▶ TASK GOAL
Leave the pictures out and write out exactly the lines from the top of the entries through the line containing "from ezdxf.enums import".

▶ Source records
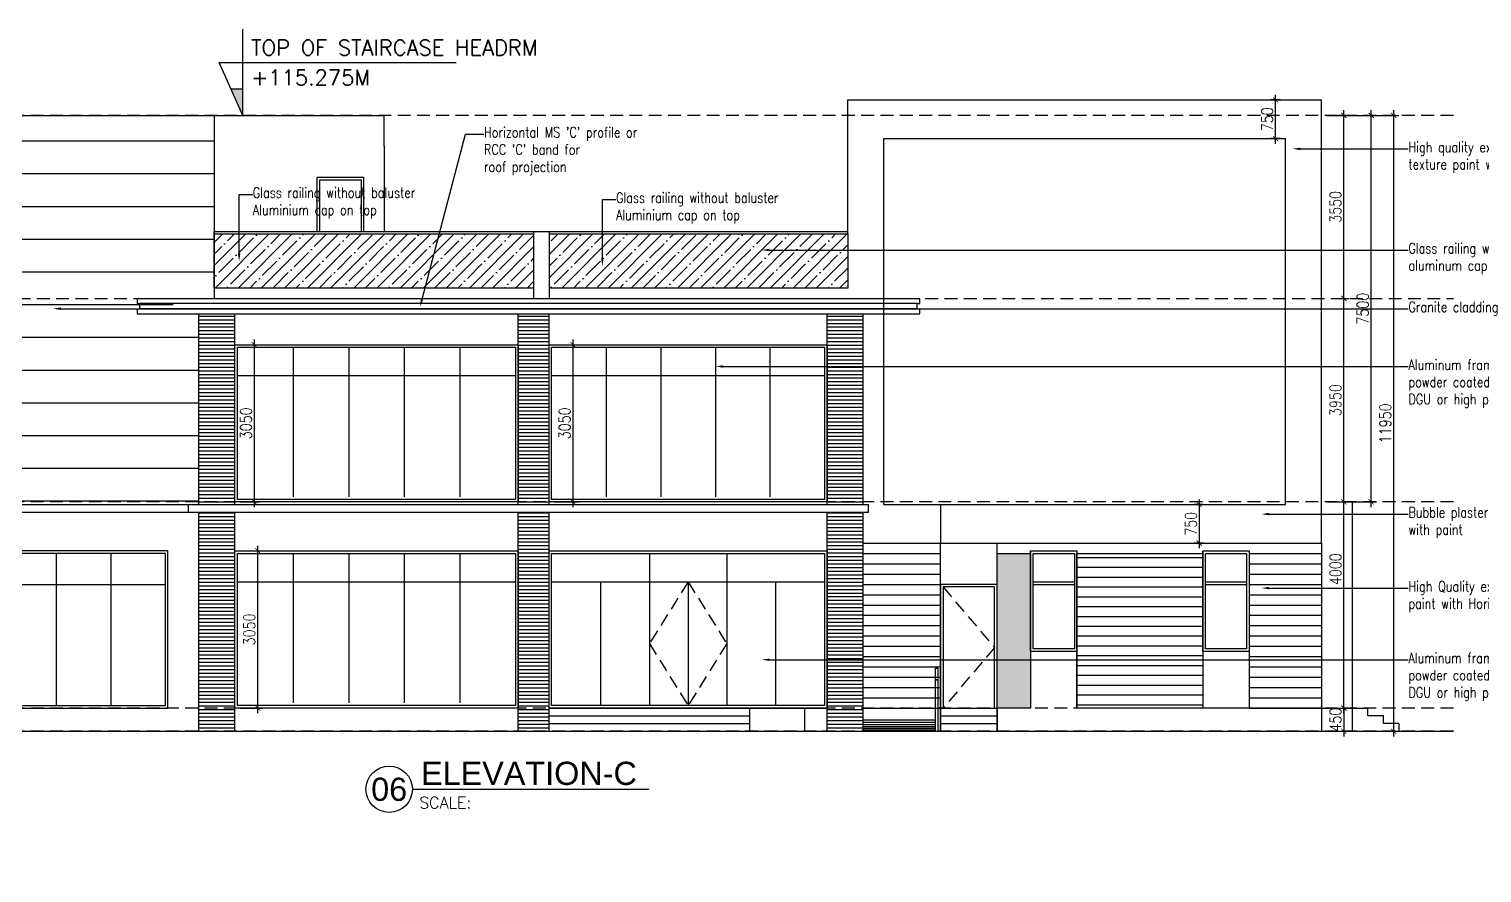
# Model space of a CAD drawing. Extents: x -32840 to 422982, y 280745 to 888746.
# Drawn here: x -11114 to 17097, y 495846 to 512220 of the extents above; entities that cross this region are included whole.
import ezdxf
from ezdxf import colors
from ezdxf.entities.mleader import LeaderData, LeaderLine
from ezdxf.enums import TextEntityAlignment as Align
from ezdxf.math import Vec2, Vec3

# ---------------------------------------------------------------- set-up
doc = ezdxf.new("R2010")
doc.units = 0
doc.header["$LTSCALE"] = 1000
doc.header["$PDMODE"] = 3
doc.linetypes.add('CONTINOUS', pattern=[0])
doc.linetypes.add('HIDDEN', pattern=[0.375, 0.25, -0.125])
doc.layers.get('Defpoints').update_dxf_attribs({"linetype": 'HIDDEN'})
for name, color, linetype in [('a-dim', 3, 'Continuous'), ('A-DOOR', 1, 'Continuous'), ('A-Elev 01', 7, 'Continuous'), ('A-Elev 02', 6, 'Continuous'), ('A-Elev 03', 4, 'Continuous'), ('A-Elev 04', 2, 'Continuous'), ('A-Elev 05', 1, 'Continuous'), ('A-HAT', 8, 'Continuous'), ('A-LVL', 31, 'HIDDEN'), ('A-PLINE', 2, 'Continuous'), ('A-Rail', 1, 'Continuous'), ('A-Tag LVl', 2, 'Continuous'), ('A-TXT', 6, 'Continuous'), ('A-WALL', 7, 'CONTINOUS'), ('a-win', 1, 'Continuous'), ('I-False Ceiling', 7, 'Continuous')]:
    doc.layers.add(name, color=color, linetype=linetype)
doc.styles.add('Arial', font='arial.ttf')
doc.styles.add('ROMANS', font='romans.shx', dxfattribs={"width": 0.8})
doc.dimstyles.new('dim-1', dxfattribs={"dimscale": 100, "dimtxt": 2.25, "dimasz": 1, "dimexe": 1, "dimexo": 1, "dimgap": 0.5, "dimtad": 1, "dimdec": 0, "dimzin": 3, "dimdsep": 46, "dimtxsty": 'ROMANS', "dimblk": 'ARCHTICK', "dimcen": 0.0625, "dimdle": 1, "dimclrd": 256, "dimclre": 256, "dimclrt": 6, "dimadec": 0, "dimazin": 0, "dimtfac": 1, "dimtdec": 0, "dimtix": 1, "dimtmove": 1, "dimatfit": 3, "dimfxl": 1, "dimfrac": 2, "dimtolj": 1, "dimtzin": 3, "dimarcsym": 0})
pattern_1 = [(180, (-245517.5, 1257881.8), (-7e-15, -70.710678), [])]

# ---------------------------------------------------------------- blocks, each defined once
blk = doc.blocks.new('_ArchTick')
at = {"color": 0, "linetype": 'ByBlock', "const_width": 0.15}
blk.add_lwpolyline([(-0.5, -0.5), (0.5, 0.5)], dxfattribs=at)
blk = doc.blocks.new('*D1622')
at = {"layer": 'a-dim', "lineweight": -2, "transparency": 16777216}
for p, q in [((14237, 503045), (14516, 503045)), ((14416, 498945), (14416, 503145)), ((14083, 499045), (14516, 499045))]:
    blk.add_line(p, q, dxfattribs=at)
at = {"layer": 'Defpoints', "color": 0, "transparency": 16777216}
for p in [(14137, 503045), (14416, 503045), (13983, 499045)]:
    blk.add_point(p, dxfattribs=at)
at = {"layer": 'a-dim', "lineweight": -2, "transparency": 16777216, "xscale": 100, "yscale": 100, "zscale": 100}
for p, rotation in [((14416, 503045), 90), ((14416, 499045), 270)]:
    blk.add_blockref('_ArchTick', p, dxfattribs=dict(at, rotation=rotation))
at = {"layer": 'a-dim', "color": 6, "transparency": 16777216, "insert": (14253, 501739), "char_height": 225, "attachment_point": 5, "rotation": 90, "style": 'ROMANS'}
blk.add_mtext('\\A1;4000', dxfattribs=at)
blk = doc.blocks.new('*D1623')
at = {"layer": 'a-dim', "lineweight": -2, "transparency": 16777216}
for p, q in [((14414, 506995), (14516, 506995)), ((14416, 502945), (14416, 507095)), ((14414, 503045), (14516, 503045))]:
    blk.add_line(p, q, dxfattribs=at)
at = {"layer": 'Defpoints', "color": 0, "transparency": 16777216}
for p in [(14314, 506995), (14416, 506995), (14314, 503045)]:
    blk.add_point(p, dxfattribs=at)
at = {"layer": 'a-dim', "lineweight": -2, "transparency": 16777216, "xscale": 100, "yscale": 100, "zscale": 100}
for p, rotation in [((14416, 506995), 90), ((14416, 503045), 270)]:
    blk.add_blockref('_ArchTick', p, dxfattribs=dict(at, rotation=rotation))
at = {"layer": 'a-dim', "color": 6, "transparency": 16777216, "insert": (14253, 505020), "char_height": 225, "attachment_point": 5, "rotation": 90, "style": 'ROMANS'}
blk.add_mtext('\\A1;3950', dxfattribs=at)
blk = doc.blocks.new('*D1624')
at = {"layer": 'a-dim', "lineweight": -2, "transparency": 16777216}
for p, q in [((15383, 498495), (15383, 510645)), ((14105, 510545), (15483, 510545)), ((15214, 498595), (15483, 498595))]:
    blk.add_line(p, q, dxfattribs=at)
at = {"layer": 'Defpoints', "color": 0, "transparency": 16777216}
for p in [(14005, 510545), (15383, 510545), (15114, 498595)]:
    blk.add_point(p, dxfattribs=at)
at = {"layer": 'a-dim', "lineweight": -2, "transparency": 16777216, "xscale": 100, "yscale": 100, "zscale": 100}
for p, rotation in [((15383, 510545), 90), ((15383, 498595), 270)]:
    blk.add_blockref('_ArchTick', p, dxfattribs=dict(at, rotation=rotation))
at = {"layer": 'a-dim', "color": 6, "transparency": 16777216, "insert": (15220, 504570), "char_height": 225, "attachment_point": 5, "rotation": 90, "style": 'ROMANS'}
blk.add_mtext('\\A1;11950', dxfattribs=at)
blk = doc.blocks.new('*D1628')
at = {"layer": 'a-dim', "lineweight": -2, "transparency": 16777216}
for p, q in [((14416, 506895), (14416, 510645)), ((14464, 510545), (14316, 510545)), ((14414, 506995), (14516, 506995))]:
    blk.add_line(p, q, dxfattribs=at)
at = {"layer": 'Defpoints', "color": 0, "transparency": 16777216}
for p in [(14416, 510545), (14564, 510545), (14314, 506995)]:
    blk.add_point(p, dxfattribs=at)
at = {"layer": 'a-dim', "lineweight": -2, "transparency": 16777216, "xscale": 100, "yscale": 100, "zscale": 100}
for p, rotation in [((14416, 510545), 90), ((14416, 506995), 270)]:
    blk.add_blockref('_ArchTick', p, dxfattribs=dict(at, rotation=rotation))
at = {"layer": 'a-dim', "color": 6, "transparency": 16777216, "insert": (14253, 508770), "char_height": 225, "attachment_point": 5, "rotation": 90, "style": 'ROMANS'}
blk.add_mtext('\\A1;3550', dxfattribs=at)
blk = doc.blocks.new('*U1606')
at = {"layer": 'A-HAT'}
blk.add_line((-512, 0), (892, 0), dxfattribs=at)
blk = doc.blocks.new('*U1607')
at = {"layer": 'A-HAT', "color": 0, "linetype": 'ByBlock', "lineweight": -2}
for p in [(0, 3200), (0, 3000), (0, 2800), (0, 2600), (0, 2400), (0, 2200), (0, 2000), (0, 1800), (0, 1600), (0, 1400), (0, 1200), (0, 1000), (0, 800), (0, 600), (0, 400), (0, 200), (0, 0)]:
    blk.add_blockref('*U1606', p, dxfattribs=at)
blk = doc.blocks.new('*U1608')
at = {"layer": 'A-HAT'}
blk.add_line((-350, 0), (1151, 0), dxfattribs=at)
blk = doc.blocks.new('*U1609')
at = {"layer": 'A-HAT', "color": 0, "linetype": 'ByBlock', "lineweight": -2}
for p in [(0, 3200), (0, 3000), (0, 2800), (0, 2600), (0, 2400), (0, 2200), (0, 2000), (0, 1800), (0, 1600), (0, 1400), (0, 1200), (0, 1000), (0, 800), (0, 600), (0, 400), (0, 200), (0, 0)]:
    blk.add_blockref('*U1608', p, dxfattribs=at)
blk = doc.blocks.new('*D1630')
at = {"layer": 'a-dim', "lineweight": -2, "transparency": 16777216}
for p, q in [((14083, 499045), (14516, 499045)), ((14416, 499045), (14416, 499145)), ((14416, 499045), (14416, 498595)), ((14083, 498595), (14516, 498595)), ((14416, 498595), (14416, 498495))]:
    blk.add_line(p, q, dxfattribs=at)
at = {"layer": 'Defpoints', "color": 0, "transparency": 16777216}
for p in [(13983, 499045), (13983, 498595), (14416, 498595)]:
    blk.add_point(p, dxfattribs=at)
at = {"layer": 'a-dim', "lineweight": -2, "transparency": 16777216, "xscale": 100, "yscale": 100, "zscale": 100}
for p, rotation in [((14416, 499045), 270), ((14416, 498595), 90)]:
    blk.add_blockref('_ArchTick', p, dxfattribs=dict(at, rotation=rotation))
at = {"layer": 'a-dim', "color": 6, "transparency": 16777216, "insert": (14253, 498820), "char_height": 225, "attachment_point": 5, "rotation": 90, "style": 'ROMANS'}
blk.add_mtext('\\A1;450', dxfattribs=at)
blk = doc.blocks.new('*D1633')
at = {"layer": 'a-dim', "lineweight": -2, "transparency": 16777216}
for p, q in [((14946, 502945), (14946, 510645)), ((14083, 510545), (15046, 510545)), ((14083, 503045), (15046, 503045))]:
    blk.add_line(p, q, dxfattribs=at)
at = {"layer": 'Defpoints', "color": 0, "transparency": 16777216}
for p in [(13983, 510545), (14946, 510545), (13983, 503045)]:
    blk.add_point(p, dxfattribs=at)
at = {"layer": 'a-dim', "lineweight": -2, "transparency": 16777216, "xscale": 100, "yscale": 100, "zscale": 100}
for p, rotation in [((14946, 510545), 90), ((14946, 503045), 270)]:
    blk.add_blockref('_ArchTick', p, dxfattribs=dict(at, rotation=rotation))
at = {"layer": 'a-dim', "color": 6, "transparency": 16777216, "insert": (14783, 506795), "char_height": 225, "attachment_point": 5, "rotation": 90, "style": 'ROMANS'}
blk.add_mtext('\\A1;7500', dxfattribs=at)
blk = doc.blocks.new('TAG-LABEL')
at = {"linetype": 'Continuous'}
blk.add_line((-65.32, 0), (-24.49, 0), dxfattribs=at)
blk.add_circle((-69.32, 0), 4, dxfattribs=at)
at = {"color": 6, "style": 'ROMANS'}
blk.add_text('SCALE:', height=2, dxfattribs=at).set_placement((-64.13, -3.31))
at = {"color": 6}
for tag, p, height, style in [('LABELNAME', (-63.82, 0.75), 4, 'Arial'), ('SCALE', (-52.05, -3.31), 2, 'ROMANS'), ('DES.LINE.01', (-63.94, -6.44), 2, 'ROMANS'), ('DES.LINE.02', (-63.94, -9.56), 2, 'ROMANS')]:
    blk.add_attdef(tag, p, '', height=height, dxfattribs=dict(at, style=style))
at = {"color": 6, "style": 'Arial'}
blk.add_attdef('88', text='', height=4, dxfattribs=at).set_placement((-69.32, 0), align=Align.MIDDLE_CENTER)
blk = doc.blocks.new('TAG-LVL-SEC')
blk.add_hatch(color=256).paths.add_polyline_path([(0, 3.42), (-1.53, 3.42), (0, 0)])
for p, q in [((0, 0), (0, 11.17)), ((0, 0), (-3.06, 6.83)), ((-3.06, 6.83), (27.63, 6.83)), ((-1.53, 3.42), (0, 3.42))]:
    blk.add_line(p, q)
at = {"color": 6, "style": 'ROMANS'}
for tag, p in [('LEVEL', (1.61, 7.76)), ('LEVELTAG', (1.44, 3.9))]:
    blk.add_attdef(tag, p, '', height=2, dxfattribs=at)
blk = doc.blocks.new('*D1617')
at = {"layer": 'a-dim', "lineweight": -2, "transparency": 16777216}
for p, q in [((11685, 502995), (11508, 502995)), ((11608, 503095), (11608, 502145)), ((11685, 502245), (11508, 502245))]:
    blk.add_line(p, q, dxfattribs=at)
at = {"layer": 'Defpoints', "color": 0, "transparency": 16777216}
for p in [(11785, 502995), (11608, 502245), (11785, 502245)]:
    blk.add_point(p, dxfattribs=at)
at = {"layer": 'a-dim', "lineweight": -2, "transparency": 16777216, "xscale": 100, "yscale": 100, "zscale": 100}
for p, rotation in [((11608, 502995), 90), ((11608, 502245), 270)]:
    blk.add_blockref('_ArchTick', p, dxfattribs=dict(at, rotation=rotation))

▶ SOLUTION BELOW
# Model space of a CAD drawing. Extents: x -32840 to 422982, y 280745 to 888746.
# Drawn here: x -11114 to 17097, y 495846 to 512220 of the extents above; entities that cross this region are included whole.
import ezdxf
from ezdxf import colors
from ezdxf.entities.mleader import LeaderData, LeaderLine
from ezdxf.enums import TextEntityAlignment as Align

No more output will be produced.